▸ WHAT YOU NEED TO DO
Note how many lines of the data below hold the word "mechanical", then give that number with no other text.

[Stored records]
============================================================

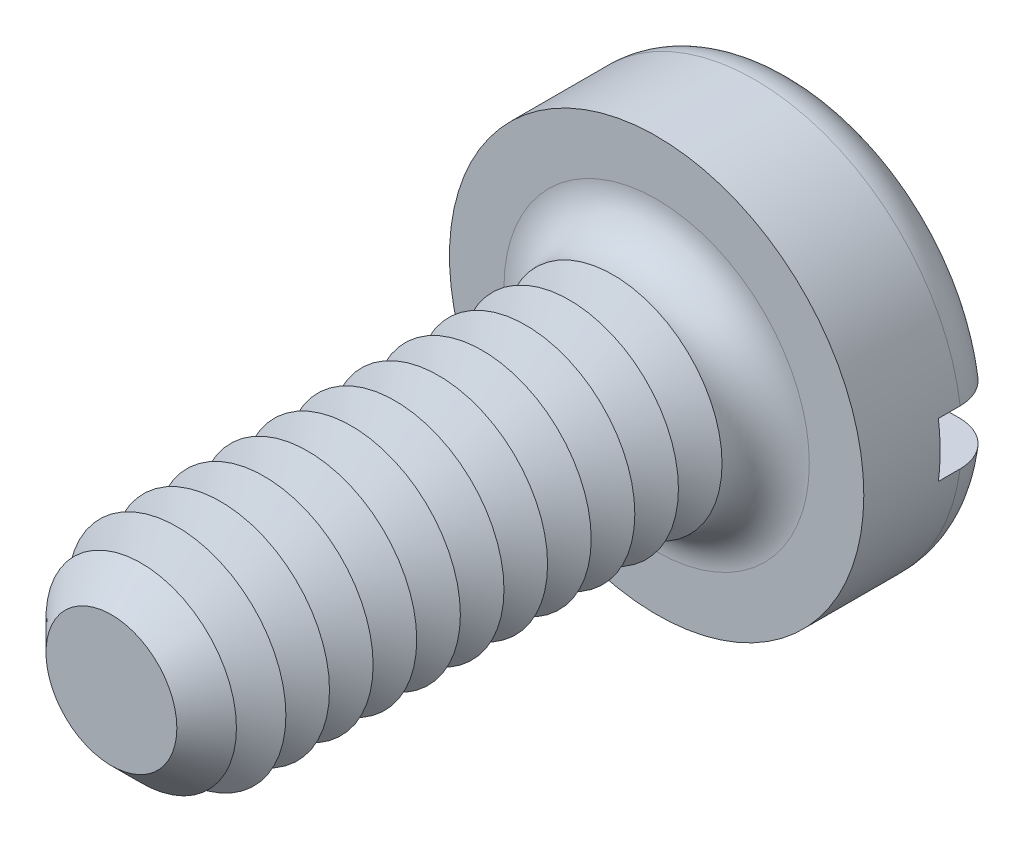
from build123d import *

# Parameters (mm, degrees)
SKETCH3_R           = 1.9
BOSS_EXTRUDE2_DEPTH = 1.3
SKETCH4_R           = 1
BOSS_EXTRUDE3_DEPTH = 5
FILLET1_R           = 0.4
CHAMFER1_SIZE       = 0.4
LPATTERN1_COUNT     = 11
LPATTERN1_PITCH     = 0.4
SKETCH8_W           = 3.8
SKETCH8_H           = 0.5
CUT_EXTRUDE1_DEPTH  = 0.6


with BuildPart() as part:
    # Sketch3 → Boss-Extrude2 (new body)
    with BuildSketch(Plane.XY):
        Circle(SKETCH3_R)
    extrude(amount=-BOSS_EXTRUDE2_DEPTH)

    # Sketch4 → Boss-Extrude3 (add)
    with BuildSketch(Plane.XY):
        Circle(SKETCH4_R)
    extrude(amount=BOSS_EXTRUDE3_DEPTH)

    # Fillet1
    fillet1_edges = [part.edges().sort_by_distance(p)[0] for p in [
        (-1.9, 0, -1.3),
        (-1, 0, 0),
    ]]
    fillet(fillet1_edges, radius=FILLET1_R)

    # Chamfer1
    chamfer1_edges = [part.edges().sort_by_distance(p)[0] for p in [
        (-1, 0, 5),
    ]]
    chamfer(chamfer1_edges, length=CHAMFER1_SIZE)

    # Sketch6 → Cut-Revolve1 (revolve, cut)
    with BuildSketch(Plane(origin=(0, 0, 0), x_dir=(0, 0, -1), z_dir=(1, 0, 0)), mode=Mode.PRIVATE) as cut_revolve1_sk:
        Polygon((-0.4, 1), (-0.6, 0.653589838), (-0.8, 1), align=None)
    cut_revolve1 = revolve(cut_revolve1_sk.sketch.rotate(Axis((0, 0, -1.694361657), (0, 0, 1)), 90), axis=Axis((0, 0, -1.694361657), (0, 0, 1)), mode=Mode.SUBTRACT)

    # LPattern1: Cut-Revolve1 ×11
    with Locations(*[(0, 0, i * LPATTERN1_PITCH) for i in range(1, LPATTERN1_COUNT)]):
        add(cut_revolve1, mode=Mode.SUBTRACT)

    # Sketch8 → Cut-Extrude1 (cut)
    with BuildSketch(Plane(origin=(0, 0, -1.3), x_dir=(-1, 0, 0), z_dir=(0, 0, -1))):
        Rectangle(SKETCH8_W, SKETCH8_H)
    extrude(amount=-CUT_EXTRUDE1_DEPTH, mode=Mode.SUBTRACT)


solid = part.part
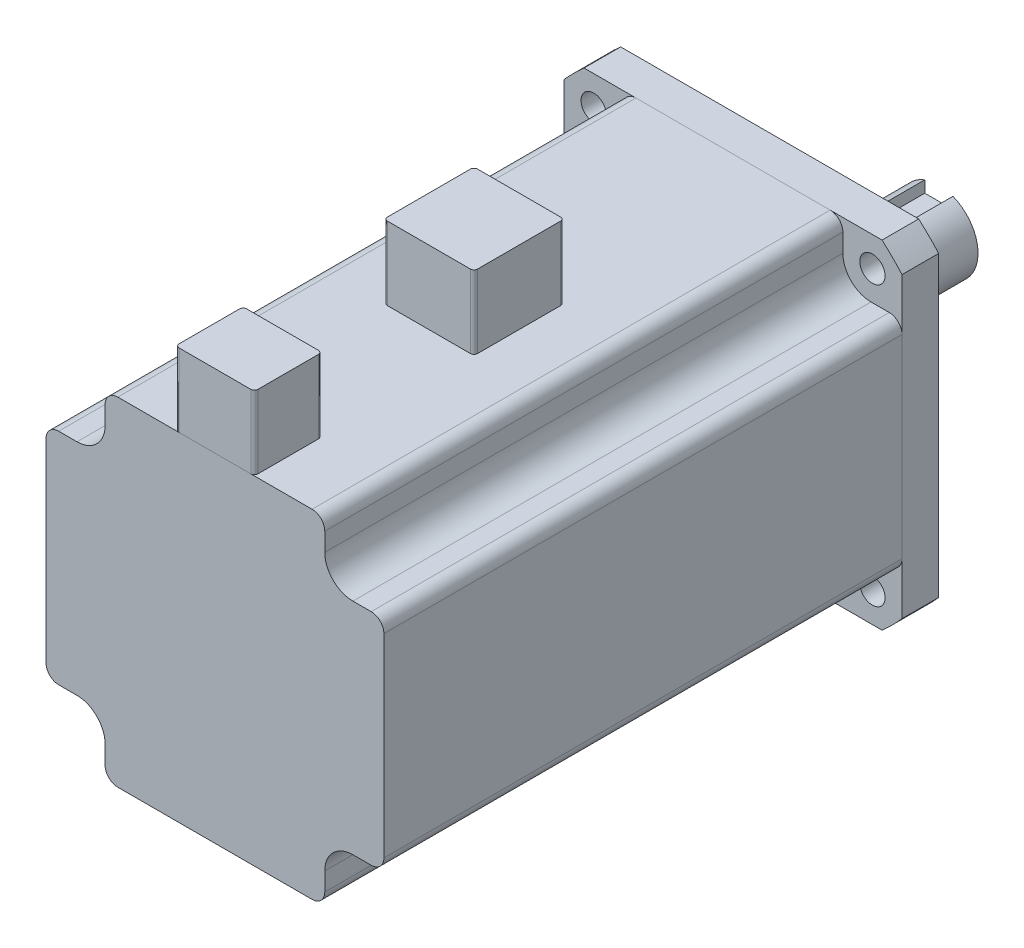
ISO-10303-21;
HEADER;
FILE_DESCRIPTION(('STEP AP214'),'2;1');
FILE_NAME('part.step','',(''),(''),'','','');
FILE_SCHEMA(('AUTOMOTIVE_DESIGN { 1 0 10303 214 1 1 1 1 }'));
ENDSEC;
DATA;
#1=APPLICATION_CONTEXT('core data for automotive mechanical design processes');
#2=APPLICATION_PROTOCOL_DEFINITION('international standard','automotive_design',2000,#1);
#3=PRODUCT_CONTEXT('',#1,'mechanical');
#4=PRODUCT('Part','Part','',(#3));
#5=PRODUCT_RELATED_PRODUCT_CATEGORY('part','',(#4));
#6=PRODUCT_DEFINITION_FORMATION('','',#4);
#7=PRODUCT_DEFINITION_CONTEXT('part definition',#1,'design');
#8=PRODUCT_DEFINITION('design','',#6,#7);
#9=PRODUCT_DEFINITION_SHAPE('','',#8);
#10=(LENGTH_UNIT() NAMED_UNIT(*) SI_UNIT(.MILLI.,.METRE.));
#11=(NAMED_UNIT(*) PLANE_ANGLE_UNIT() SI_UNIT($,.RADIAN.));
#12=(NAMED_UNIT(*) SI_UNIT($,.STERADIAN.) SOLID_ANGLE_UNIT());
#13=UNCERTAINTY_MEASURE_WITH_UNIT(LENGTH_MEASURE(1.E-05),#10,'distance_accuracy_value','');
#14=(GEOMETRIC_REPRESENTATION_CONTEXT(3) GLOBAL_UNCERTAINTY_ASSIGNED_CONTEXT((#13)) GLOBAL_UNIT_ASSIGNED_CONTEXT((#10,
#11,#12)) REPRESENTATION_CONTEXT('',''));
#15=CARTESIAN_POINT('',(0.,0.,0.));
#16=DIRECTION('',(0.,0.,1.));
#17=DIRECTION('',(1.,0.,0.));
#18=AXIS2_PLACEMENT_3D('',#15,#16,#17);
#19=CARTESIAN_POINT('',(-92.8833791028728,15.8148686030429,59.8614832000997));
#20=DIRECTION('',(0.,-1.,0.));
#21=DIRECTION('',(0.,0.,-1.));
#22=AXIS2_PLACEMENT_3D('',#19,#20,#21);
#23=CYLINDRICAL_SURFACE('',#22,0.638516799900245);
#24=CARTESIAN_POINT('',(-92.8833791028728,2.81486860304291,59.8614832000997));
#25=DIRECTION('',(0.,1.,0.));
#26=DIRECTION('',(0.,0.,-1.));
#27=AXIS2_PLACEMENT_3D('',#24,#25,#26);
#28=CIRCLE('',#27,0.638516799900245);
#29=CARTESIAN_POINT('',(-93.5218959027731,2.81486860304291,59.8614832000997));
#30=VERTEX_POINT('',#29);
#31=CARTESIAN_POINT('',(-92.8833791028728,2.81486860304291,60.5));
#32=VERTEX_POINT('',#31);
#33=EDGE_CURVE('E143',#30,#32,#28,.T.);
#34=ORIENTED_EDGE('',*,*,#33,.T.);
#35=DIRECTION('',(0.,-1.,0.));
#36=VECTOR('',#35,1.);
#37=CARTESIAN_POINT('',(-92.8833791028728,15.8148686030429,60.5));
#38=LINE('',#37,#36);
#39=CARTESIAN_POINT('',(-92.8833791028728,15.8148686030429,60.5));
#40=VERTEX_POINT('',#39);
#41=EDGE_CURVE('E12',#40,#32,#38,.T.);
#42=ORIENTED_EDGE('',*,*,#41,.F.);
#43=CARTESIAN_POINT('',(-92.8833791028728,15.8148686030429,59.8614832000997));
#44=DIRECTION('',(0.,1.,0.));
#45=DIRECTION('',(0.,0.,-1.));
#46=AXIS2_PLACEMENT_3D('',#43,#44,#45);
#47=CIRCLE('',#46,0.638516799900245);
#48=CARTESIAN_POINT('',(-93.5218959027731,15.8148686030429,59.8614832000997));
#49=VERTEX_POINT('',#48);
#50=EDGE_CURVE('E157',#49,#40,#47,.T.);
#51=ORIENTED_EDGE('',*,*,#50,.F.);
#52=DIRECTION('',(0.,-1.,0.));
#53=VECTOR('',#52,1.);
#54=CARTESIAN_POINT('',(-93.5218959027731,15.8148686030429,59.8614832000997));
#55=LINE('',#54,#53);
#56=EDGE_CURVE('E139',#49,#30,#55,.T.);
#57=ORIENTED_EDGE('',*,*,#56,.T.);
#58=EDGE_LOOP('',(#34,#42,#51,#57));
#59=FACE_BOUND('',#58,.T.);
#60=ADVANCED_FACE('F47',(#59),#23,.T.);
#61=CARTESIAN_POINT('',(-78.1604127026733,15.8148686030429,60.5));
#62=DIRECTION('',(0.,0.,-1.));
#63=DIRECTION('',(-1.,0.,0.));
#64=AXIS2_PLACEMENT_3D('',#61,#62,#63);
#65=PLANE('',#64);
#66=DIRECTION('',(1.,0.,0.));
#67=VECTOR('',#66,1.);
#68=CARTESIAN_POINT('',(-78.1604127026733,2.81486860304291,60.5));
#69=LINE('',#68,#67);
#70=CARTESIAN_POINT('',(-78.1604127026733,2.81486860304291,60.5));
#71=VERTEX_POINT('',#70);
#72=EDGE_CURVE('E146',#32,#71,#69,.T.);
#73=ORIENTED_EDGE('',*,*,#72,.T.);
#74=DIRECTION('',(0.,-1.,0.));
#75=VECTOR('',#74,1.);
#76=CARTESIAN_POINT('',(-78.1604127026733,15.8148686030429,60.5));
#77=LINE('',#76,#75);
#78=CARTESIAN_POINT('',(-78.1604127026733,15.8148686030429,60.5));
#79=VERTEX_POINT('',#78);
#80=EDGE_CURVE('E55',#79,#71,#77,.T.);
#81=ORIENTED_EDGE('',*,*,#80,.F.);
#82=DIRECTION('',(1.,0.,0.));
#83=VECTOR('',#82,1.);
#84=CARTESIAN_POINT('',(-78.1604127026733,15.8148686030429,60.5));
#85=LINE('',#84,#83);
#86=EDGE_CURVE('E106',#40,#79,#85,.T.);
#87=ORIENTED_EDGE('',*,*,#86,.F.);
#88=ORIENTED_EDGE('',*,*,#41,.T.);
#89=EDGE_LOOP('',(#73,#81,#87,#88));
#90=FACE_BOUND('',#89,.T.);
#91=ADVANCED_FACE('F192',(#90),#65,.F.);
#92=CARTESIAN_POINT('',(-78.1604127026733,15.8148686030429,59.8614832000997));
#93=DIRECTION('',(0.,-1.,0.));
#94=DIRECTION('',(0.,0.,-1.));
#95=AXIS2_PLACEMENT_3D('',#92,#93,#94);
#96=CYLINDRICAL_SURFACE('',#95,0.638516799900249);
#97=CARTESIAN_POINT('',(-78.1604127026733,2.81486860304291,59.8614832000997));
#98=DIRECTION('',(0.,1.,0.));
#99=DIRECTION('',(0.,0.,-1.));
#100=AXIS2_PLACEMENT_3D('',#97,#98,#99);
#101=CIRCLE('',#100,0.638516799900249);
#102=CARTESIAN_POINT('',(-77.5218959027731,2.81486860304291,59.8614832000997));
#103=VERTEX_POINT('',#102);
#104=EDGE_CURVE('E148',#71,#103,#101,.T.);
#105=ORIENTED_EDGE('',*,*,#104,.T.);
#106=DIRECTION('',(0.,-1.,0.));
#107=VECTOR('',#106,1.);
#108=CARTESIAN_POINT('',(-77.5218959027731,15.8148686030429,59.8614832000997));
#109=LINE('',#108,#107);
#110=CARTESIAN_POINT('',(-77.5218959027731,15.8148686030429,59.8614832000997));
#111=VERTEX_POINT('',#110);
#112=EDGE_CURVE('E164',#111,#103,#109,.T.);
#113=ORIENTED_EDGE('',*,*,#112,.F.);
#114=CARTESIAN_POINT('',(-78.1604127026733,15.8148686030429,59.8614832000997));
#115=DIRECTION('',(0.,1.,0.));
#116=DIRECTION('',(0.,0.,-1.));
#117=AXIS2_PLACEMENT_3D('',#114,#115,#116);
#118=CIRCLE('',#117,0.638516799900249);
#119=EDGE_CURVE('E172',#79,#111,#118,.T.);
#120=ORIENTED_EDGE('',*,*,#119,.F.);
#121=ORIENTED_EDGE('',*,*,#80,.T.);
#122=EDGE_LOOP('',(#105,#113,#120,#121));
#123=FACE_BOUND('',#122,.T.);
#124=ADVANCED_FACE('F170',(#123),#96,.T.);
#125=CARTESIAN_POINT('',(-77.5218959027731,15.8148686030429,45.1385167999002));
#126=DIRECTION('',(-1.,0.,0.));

============================================================

▸ RESULT
2